The biggest story in town last week on the legal-affairs beat was the oral argument at the U.S. Supreme Court over the constitutionality of a key provision of last year's Gramm-Rudman-Hollings law designed to cut government spending.

The key issue in the controversy is just where the comptroller general fits in the political scheme of things. But a decision by the U.S. Court of Appeals in Philadelphia may have a lot more impact on some companies than the eagerly awaited Supreme Court opinion.

When the Office of the Comptroller General was created in 1921, Congress and the White House worked out a compromise that was supposed to make it subservient to neither: The president picks the person to fill the 15-year nonrenewable term, and the lawmakers have the power to remove him.

The agency the comptroller general heads, the General Accounting Office, usually is described as being in the legislative branch of the federal government. The official U.S. Government Manual, for example, lists it that way. This determination is vital to a definition of the jobs it can do.

That's because an arm of the legislature is not allowed to perform duties of the executive branch, but a truly independent agency that doesn't fit into any of the three branches at least arguably could take on such tasks.

In the Supreme Court case, the job in question is deciding how much the spending of each executive-branch agency should be sliced to hold total federal outlays to permissible levels. In the Philadelphia case, Ameron v. Army Corps of Engineers, the issue was the comptroller general's power to hold up government contracts until protests from losing bidders are resolved.

Congress gave the comptroller that power in 1984, although President Reagan insisted at the time that the provision was unconstitutional and told contracting agencies to ignore it.

On March 27, the Philadelphia judges disagreed with the president. The fact that Congress can remove the comptroller general does not give the lawmakers enough clout to make the office an arm of the legislature, they decided, because it is up to the president to select the official in the first place. The appellate judges adopted the reasoning of a 1964 decision from the U.S. District Court in Washington that the General Accounting Office was "part of a headless 'fourth branch' of government."

The Philadelphia judges gave great weight to the fact that Congress never has taken a step to remove a comptroller general.

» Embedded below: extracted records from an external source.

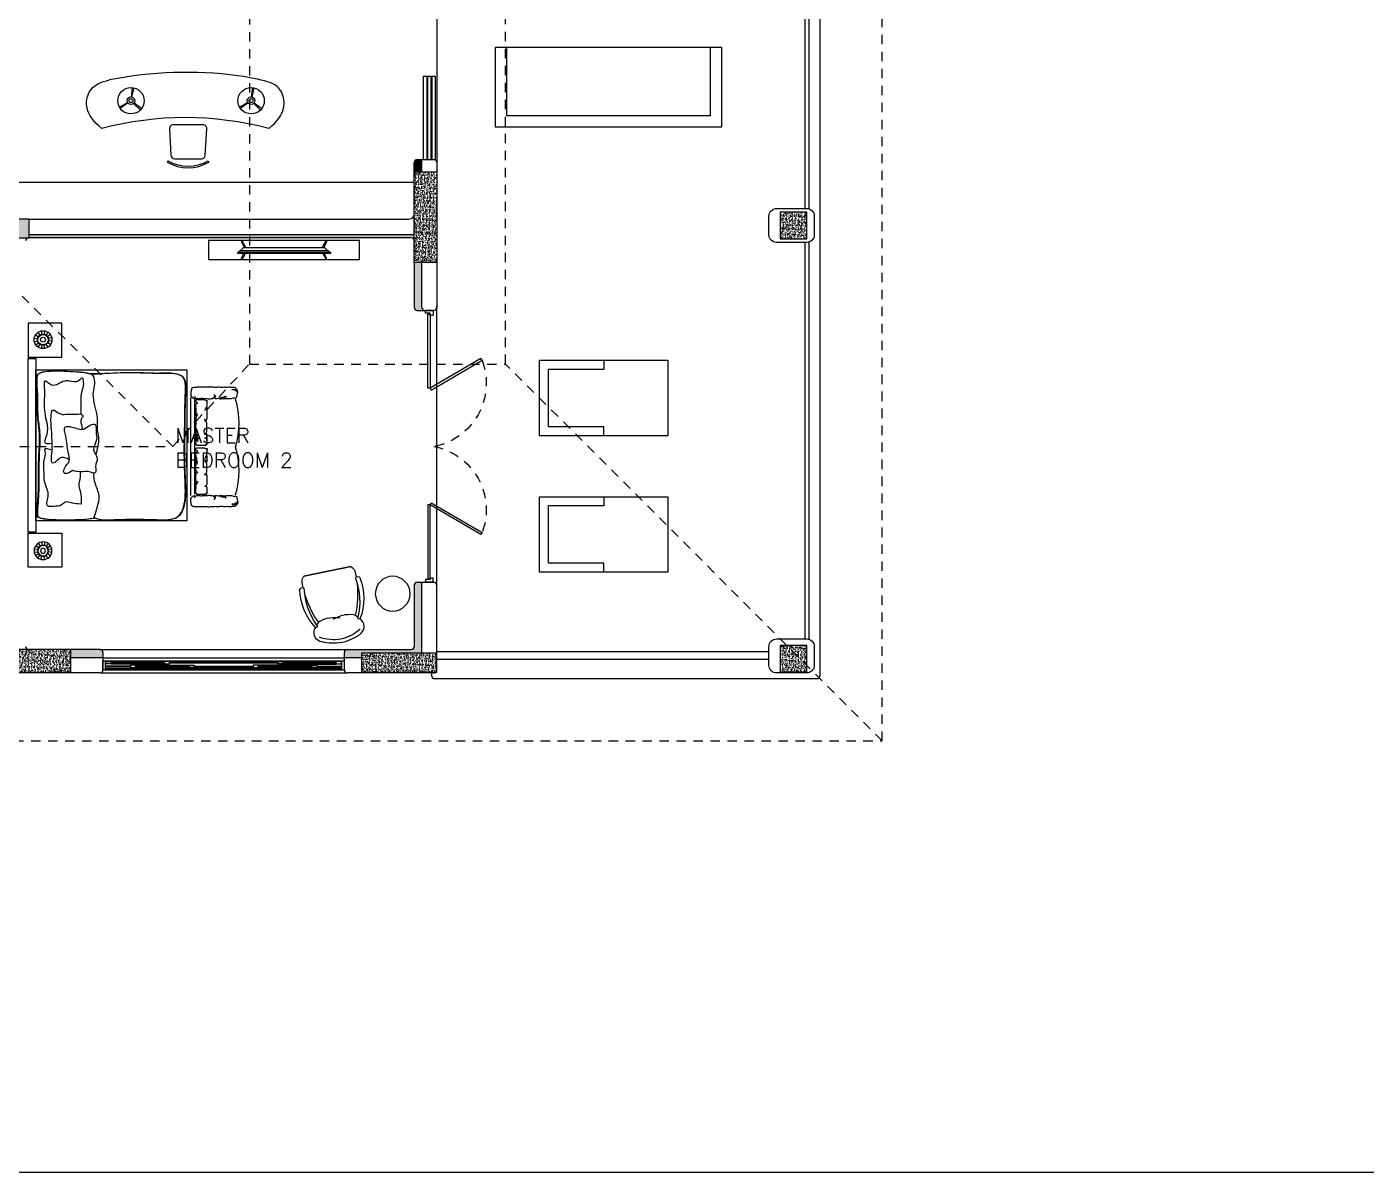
# Model space of a CAD drawing. Header units: metres. Extents: x -232 to 581, y 30 to 789.
# Drawn here: x 114.58 to 132.33, y 581.52 to 596.69 of the extents above; entities that cross this region are included whole.
import ezdxf

# ---------------------------------------------------------------- set-up
doc = ezdxf.new("R2010")
doc.units = ezdxf.units.M
doc.linetypes.add('HIDDEN2', pattern=[0.1875, 0.125, -0.0625])
for name, color, linetype in [('_electricos-Leyenda', 7, 'Continuous'), ('HATCH', 8, 'Continuous'), ('MOBILIARIOS', 252, 'Continuous')]:
    doc.layers.add(name, color=color, linetype=linetype)
for name, color, linetype, lineweight in [('A-ANNO-TEXT', 251, 'Continuous', 13), ('A-DOOR', 35, 'Continuous', 5), ('A-WALL', 250, 'Continuous', 20), ('baños', 140, 'Continuous', 0), ('Columnas', 7, 'Continuous', 18), ('cristales', 131, 'Continuous', 0), ('muros bajitos', 252, 'Continuous', 5), ('textos', 7, 'Continuous', 0)]:
    doc.layers.add(name, color=color, linetype=linetype, lineweight=lineweight)
doc.layers.add('PISO', color=7, linetype='Continuous', lineweight=5, true_color=0xe6e6e6)
doc.layers.add('Techos 1', color=7, linetype='HIDDEN2', lineweight=9, true_color=0x42391a)
doc.layers.add('RELLENO SECCION', color=8, linetype='Continuous', lineweight=0, transparency=0.4)
doc.styles.get("Standard").update_dxf_attribs({"font": 'arial.ttf'})
pattern_1 = [(50, (114.33107, 55.238796), (0.058299094, -0.005100507), [0.006096, -0.067056]), (355, (114.33107, 55.238796), (-0.011277895, 0.06113819), [0.0048768, -0.053644987]), (100.451445, (114.33593, 55.23837), (0.0470212, 0.05603768), [0.005180803, -0.056988878]), (46.1842, (114.33107, 55.25505), (0.086745293, -0.013453545), [0.009144, -0.100584]), (96.63556, (114.3383, 55.25393), (0.07596932, 0.07917636), [0.00777121, -0.085483395]), (351.18415, (114.33107, 55.25505), (0.07596932, 0.07917636), [0.00731519, -0.080467114]), (21, (114.3392, 55.25099), (0.048516605, -0.032724863), [0.006096, -0.067056]), (326, (114.3392, 55.25099), (0.01977665, 0.05894015), [0.0048768, -0.0536448]), (71.451445, (114.34324, 55.24826), (0.068293254, 0.026215286), [0.005180803, -0.05698878]), (37.5, (114.331071, 55.238796), (0.000988353, 0.0270576124), [0, -0.05299456, 0, -0.0544576, 0, -0.053848]), (7.5, (114.33107, 55.238796), (0.021382292, 0.032057784), [0, -0.03104896, 0, -0.05177536, 0, -0.0205232]), (327.5, (114.312946, 55.238796), (0.0433889905, -0.001833198), [0, -0.02032, 0, -0.0633984, 0, -0.0841248]), (317.5, (114.304818, 55.238796), (0.047401338, 0.008136477), [0, -0.026416, 0, -0.04210304, 0, -0.0597408])]

# ---------------------------------------------------------------- blocks, each defined once
blk = doc.blocks.new('A$Ca3ef8f56')
at = {"layer": 'MOBILIARIOS'}
for p, q in [((0.003, 0.153), (0.003, 1.452)), ((0.053, 0.169), (0.053, 1.428))]:
    blk.add_line(p, q, dxfattribs=at)
for points in [[(0.625, 1.532), (0.621, 1.543), (0.613, 1.554), (0.602, 1.556), (0.6, 1.567), (0.591, 1.578), (0.58, 1.582), (0.564, 1.584), (0.553, 1.584), (0.542, 1.585), (0.531, 1.585), (0.52, 1.586), (0.498, 1.586), (0.487, 1.584), (0.476, 1.584), (0.465, 1.585), (0.454, 1.587), (0.44, 1.587), (0.423, 1.584), (0.412, 1.584), (0.401, 1.582), (0.389, 1.582), (0.377, 1.586), (0.353, 1.586), (0.341, 1.585), (0.33, 1.584), (0.314, 1.585), (0.303, 1.587), (0.252, 1.587), (0.241, 1.589), (0.23, 1.589), (0.218, 1.586), (0.087, 1.586), (0.075, 1.585), (0.039, 1.585), (0.024, 1.579), (0.012, 1.568), (0.009, 1.557), (0.006, 1.545), (0.004, 1.534), (0, 1.523), (0, 1.512), (0.001, 1.501), (0.002, 1.488), (0.002, 1.477), (0.011, 1.465), (0.015, 1.454), (0.026, 1.444), (0.037, 1.442), (0.048, 1.438), (0.059, 1.438), (0.061, 1.449), (0.05, 1.454), (0.048, 1.464)], [(0.05, 1.468), (0.056, 1.457), (0.064, 1.446), (0.076, 1.437), (0.09, 1.437), (0.106, 1.436), (0.117, 1.437), (0.133, 1.44), (0.149, 1.44), (0.16, 1.436), (0.198, 1.436), (0.215, 1.437), (0.226, 1.435), (0.238, 1.432), (0.251, 1.433), (0.262, 1.435), (0.273, 1.436), (0.284, 1.437), (0.297, 1.438), (0.3, 1.449), (0.311, 1.454), (0.322, 1.457), (0.324, 1.468), (0.314, 1.479), (0.307, 1.488)], [(0.095, 1.377), (0.084, 1.377), (0.076, 1.387), (0.067, 1.398), (0.067, 1.408), (0.071, 1.418), (0.081, 1.423), (0.182, 1.423), (0.192, 1.415), (0.203, 1.413), (0.213, 1.413), (0.22, 1.403), (0.213, 1.392), (0.211, 1.381), (0.211, 1.34), (0.208, 1.329), (0.203, 1.319), (0.198, 1.309), (0.194, 1.299), (0.189, 1.289), (0.186, 1.282)], [(0.311, 1.491), (0.32, 1.48), (0.325, 1.469), (0.327, 1.458), (0.315, 1.448), (0.323, 1.437), (0.35, 1.437), (0.366, 1.44), (0.378, 1.44), (0.389, 1.441), (0.4, 1.448), (0.413, 1.452), (0.44, 1.452), (0.452, 1.455), (0.46, 1.466), (0.47, 1.469)], [(0.471, 1.466), (0.462, 1.455), (0.451, 1.454), (0.434, 1.451), (0.423, 1.451), (0.411, 1.449), (0.4, 1.446), (0.388, 1.446), (0.383, 1.435), (0.395, 1.433), (0.407, 1.435), (0.419, 1.437), (0.432, 1.438), (0.463, 1.438), (0.474, 1.436), (0.516, 1.436), (0.527, 1.437), (0.538, 1.437), (0.555, 1.442), (0.567, 1.444), (0.585, 1.444), (0.597, 1.446), (0.608, 1.449), (0.609, 1.46), (0.609, 1.471), (0.615, 1.482), (0.618, 1.493), (0.616, 1.504), (0.622, 1.515), (0.622, 1.526), (0.611, 1.53), (0.6, 1.539), (0.589, 1.54), (0.585, 1.551), (0.574, 1.552), (0.544, 1.552)], [(0.544, 1.554), (0.561, 1.556), (0.572, 1.556), (0.585, 1.554), (0.596, 1.546), (0.607, 1.537), (0.618, 1.535), (0.621, 1.535)], [(0.084, 1.234), (0.084, 1.224), (0.081, 1.214), (0.071, 1.205), (0.071, 1.258), (0.072, 1.271), (0.072, 1.299), (0.071, 1.309), (0.066, 1.319), (0.066, 1.352), (0.072, 1.362), (0.074, 1.372), (0.084, 1.374), (0.09, 1.374)], [(0.189, 1.277), (0.192, 1.287), (0.199, 1.297), (0.203, 1.307), (0.204, 1.318), (0.215, 1.321), (0.216, 1.311), (0.213, 1.3), (0.213, 1.248), (0.211, 1.237), (0.211, 1.168), (0.209, 1.157), (0.206, 1.147), (0.196, 1.139), (0.191, 1.149), (0.189, 1.159), (0.182, 1.166)], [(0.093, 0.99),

In the Supreme Court argument, Lois G. Williams, one of the lawyers arguing that Gramm-Rudman-Hollings is unconstitutional, pointed to the same fact as evidence that the comptroller general is so subservient to Congress that the men who have filled the job all have been careful not to anger any of the lawmakers.

In other cases, courts ruled that:

*Banks can't challenge an approval given a new credit union. Six of the biggest banks in North Carolina went into court to stop the go-ahead given by the National Credit Union Administration to a new financial cooperative that would be open to any employe of a local government within the state.

Members of a credit union are supposed to have a common bond, the banks said, and the new institution's membership requirements were far too loose. But the U.S. Court of Appeals in Richmond reasoned that the banks were simply out to protect their own turf from new competition, and so were not the proper plaintiffs to bring a case arguing that the credit union rules will not ensure a cohesive operation. (Branch Bank v. NCUA, March 18)

*A government cannot force apartment building owners to make cable television available to tenants. The Florida Supreme Court struck down a law giving tenants the right to demand cable television by declaring that it deprived building owners some property rights without compensating them for the intrusion.

The U.S. Supreme Court four years ago used similar reasoning to throw out a New York State law requiring apartment buildings to be wired for cable, but the Florida cable interests had argued that their case was different because the law was meant to help tenants, not cable companies, and pertained only if a tenant demanded cable service. (Storer Cable v. Summerwinds, March 13)

*Political patronage is fine. The U.S. Supreme Court, in decisions handed down in 1976 and 1980, said that, even in local governments without formal civil service protection, newly elected officials cannot sweep out employes who have supported the opposing party. A political litmus test is constitutional only for key jobs in which party loyalty is "an appropriate requirement for effective performance."

A new ruling from the U.S. Court of Appeals in Cincinnati, however, focused not on firings but on hirings. It is okay for public officials to consider only applicants who are referred by friends and allies, the decision said, even if that means members of the out party are not likely to be hired. Elected officials may well function better if they hire people they knew of through such informal political networks, the judges explained. (Avery v. Jennings, March 20).